Records contained in a dataset:
*-*-*
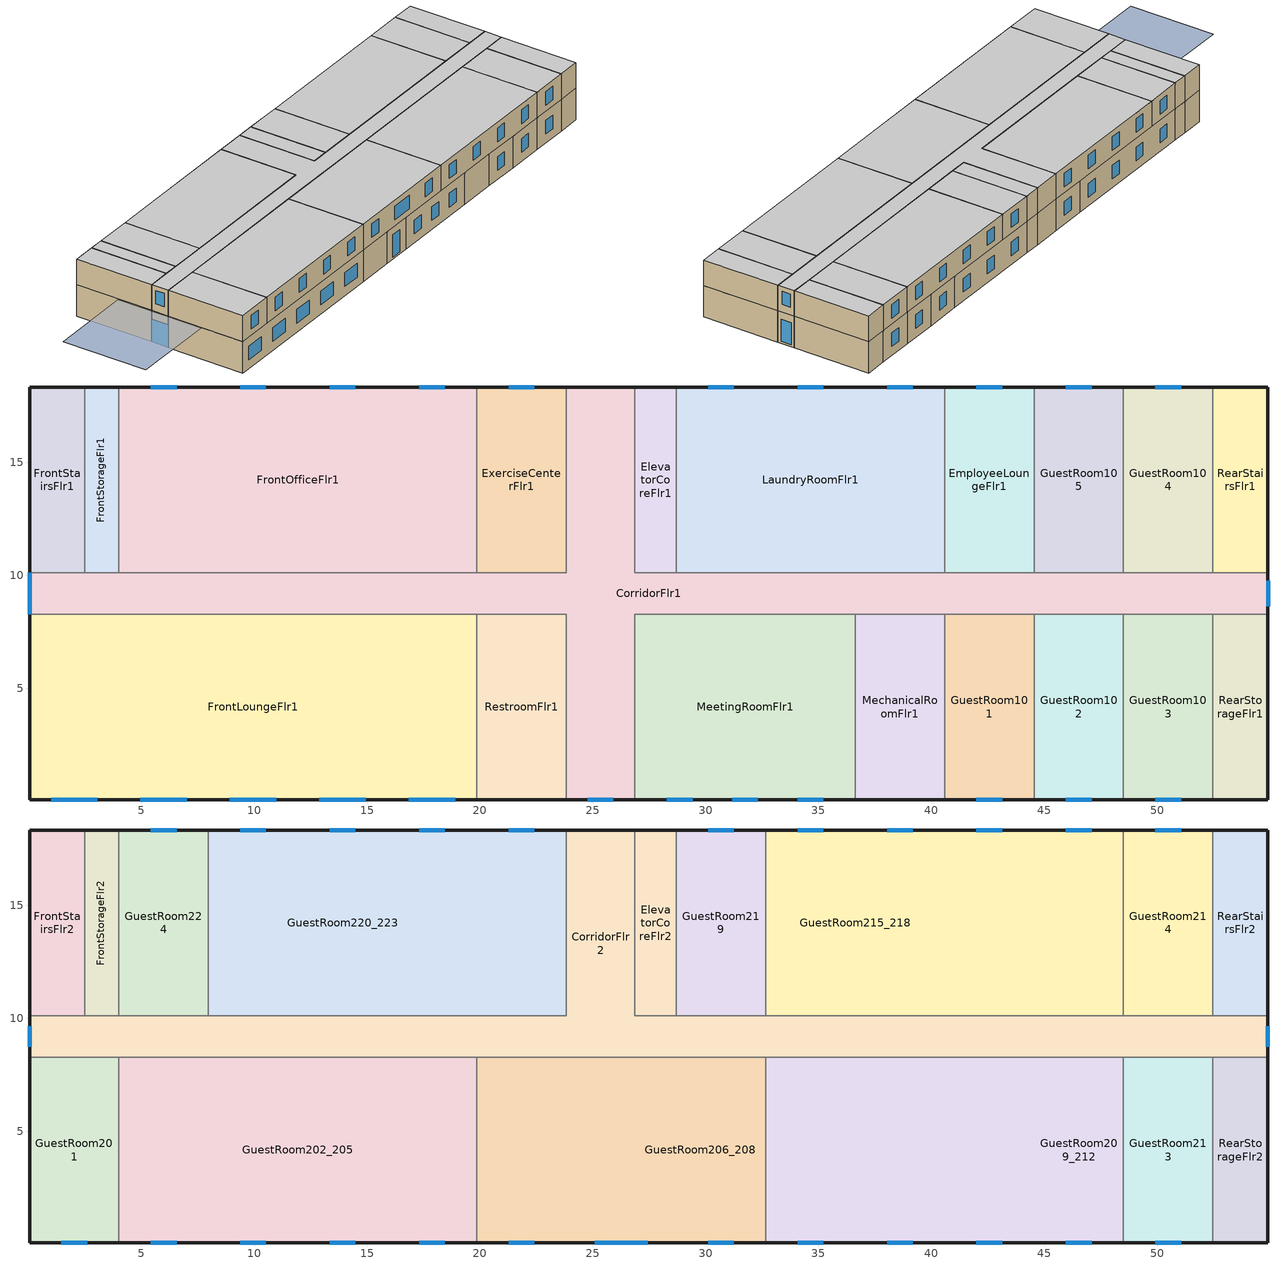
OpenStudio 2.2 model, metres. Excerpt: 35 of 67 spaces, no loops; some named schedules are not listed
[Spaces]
GuestRoom103
 floor ground: 52.47,8.28 52.47,0.05 48.51,0.05 48.51,8.28 z0
 wall outside: 48.51,0.05 52.47,0.05 z0:3.35
 wall to CorridorFlr1: 52.47,8.28 48.51,8.28 z0:3.35
 wall to RearStorageFlr1: 52.47,0.05 52.47,8.28 z0:3.35
 wall to GuestRoom102: 48.51,8.28 48.51,0.05 z0:3.35
 window: 49.92,0.05 51.06,0.05 z0.95:2.4
FrontStorageFlr1
 floor ground: 4.01,18.34 4.01,10.11 2.49,10.11 2.49,18.34 z0
 wall outside: 4.01,18.34 2.49,18.34 z0:3.35
 wall to FrontOfficeFlr1: 4.01,10.11 4.01,18.34 z0:3.35
 wall to CorridorFlr1: 2.49,10.11 4.01,10.11 z0:3.35
 wall to FrontStairsFlr1: 2.49,18.34 2.49,10.11 z0:3.35
CorridorFlr1
 floor ground: 26.87,18.34 26.87,10.11 54.91,10.11 54.91,8.28 26.87,8.28 26.87,0.05 23.82,0.05 23.82,8.28 0.05,8.28 0.05,10.11 23.82,10.11 23.82,18.34 z0
 wall outside: 0.05,10.11 0.05,8.28 / 23.82,0.05 26.87,0.05 / 54.91,8.28 54.91,10.11 / 26.87,18.34 23.82,18.34 z0:3.35
 wall to RearStairsFlr1: 54.91,10.11 52.47,10.11 z0:3.35
 wall to FrontLoungeFlr1: 0.05,8.28 19.86,8.28 z0:3.35
 wall to GuestRoom104: 52.47,10.11 48.51,10.11 z0:3.35
 wall to LaundryRoomFlr1: 40.59,10.11 28.7,10.11 z0:3.35
 wall to MeetingRoomFlr1: 26.87,0.05 26.87,8.28 36.62,8.28 z0:3.35
 wall to ElevatorCoreFlr1: 28.7,10.11 26.87,10.11 26.87,18.34 z0:3.35
 wall to RestroomFlr1: 19.86,8.28 23.82,8.28 23.82,0.05 z0:3.35
 wall to GuestRoom102: 44.55,8.28 48.51,8.28 z0:3.35
 wall to FrontStairsFlr1: 2.49,10.11 0.05,10.11 z0:3.35
 wall to RearStorageFlr1: 52.47,8.28 54.91,8.28 z0:3.35
 wall to MechanicalRoomFlr1: 36.62,8.28 40.59,8.28 z0:3.35
 wall to ExerciseCenterFlr1: 23.82,18.34 23.82,10.11 19.86,10.11 z0:3.35
 wall to EmployeeLoungeFlr1: 44.55,10.11 40.59,10.11 z0:3.35
 wall to GuestRoom101: 40.59,8.28 44.55,8.28 z0:3.35
 wall to GuestRoom105: 48.51,10.11 44.55,10.11 z0:3.35
 wall to FrontOfficeFlr1: 19.86,10.11 4.01,10.11 z0:3.35
 window: 0.05,10.11 0.05,8.28 z0:2.44; 24.78,0.05 25.92,0.05 / 54.91,8.62 54.91,9.76 z0.19:2.55
MechanicalRoomFlr1
 floor ground: 40.59,8.28 40.59,0.05 36.62,0.05 36.62,8.28 z0
 wall outside: 36.62,0.05 40.59,0.05 z0:3.35
 wall to GuestRoom101: 40.59,0.05 40.59,8.28 z0:3.35
 wall to MeetingRoomFlr1: 36.62,8.28 36.62,0.05 z0:3.35
FrontLoungeFlr1
 floor ground: 19.86,8.28 19.86,0.05 0.05,0.05 0.05,8.28 z0
 wall outside: 0.05,8.28 0.05,0.05 19.86,0.05 z0:3.35
 wall to RestroomFlr1: 19.86,0.05 19.86,8.28 z0:3.35
 window: 16.85,0.05 18.91,0.05 / 12.89,0.05 14.94,0.05 / 8.93,0.05 10.98,0.05 / 1,0.05 3.06,0.05 / 4.97,0.05 7.02,0.05 z0.95:2.4
GuestRoom102
 floor ground: 48.51,8.28 48.51,0.05 44.55,0.05 44.55,8.28 z0
 wall outside: 44.55,0.05 48.51,0.05 z0:3.35
 wall to GuestRoom101: 44.55,8.28 44.55,0.05 z0:3.35
 window: 45.96,0.05 47.1,0.05 z0.95:2.4
GuestRoom104
 floor ground: 52.47,18.34 52.47,10.11 48.51,10.11 48.51,18.34 z0
 wall outside: 52.47,18.34 48.51,18.34 z0:3.35
 wall to GuestRoom105: 48.51,18.34 48.51,10.11 z0:3.35
 wall to RearStairsFlr1: 52.47,10.11 52.47,18.34 z0:3.35
 window: 51.06,18.34 49.92,18.34 z0.95:2.4
ExerciseCenterFlr1
 floor ground: 23.82,18.34 23.82,10.11 19.86,10.11 19.86,18.34 z0
 wall outside: 23.82,18.34 19.86,18.34 z0:3.35
 wall to FrontOfficeFlr1: 19.86,18.34 19.86,10.11 z0:3.35
 window: 22.41,18.34 21.27,18.34 z0.95:2.4
FrontStairsFlr1
 floor ground: 2.49,18.34 2.49,10.11 0.05,10.11 0.05,18.34 z0
 wall outside: 2.49,18.34 0.05,18.34 0.05,10.11 z0:3.35
RestroomFlr1
 floor ground: 23.82,8.28 23.82,0.05 19.86,0.05 19.86,8.28 z0
 wall outside: 19.86,0.05 23.82,0.05 z0:3.35
MeetingRoomFlr1
 floor ground: 36.62,8.28 36.62,0.05 26.87,0.05 26.87,8.28 z0
 wall outside: 26.87,0.05 36.62,0.05 z0:3.35
 window: 34.07,0.05 35.21,0.05 / 28.28,0.05 29.42,0.05 / 31.18,0.05 32.32,0.05 z0.95:2.4
LaundryRoomFlr1
 floor ground: 40.59,18.34 40.59,10.11 28.7,10.11 28.7,18.34 z0
 wall outside: 40.59,18.34 28.7,18.34 z0:3.35
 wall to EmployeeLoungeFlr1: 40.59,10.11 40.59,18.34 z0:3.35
*-*-*
WHAT IS NEEDED:
The answer must be a single number: the count of lines above that contain the word "outside".

FINISHED EXERCISE:
12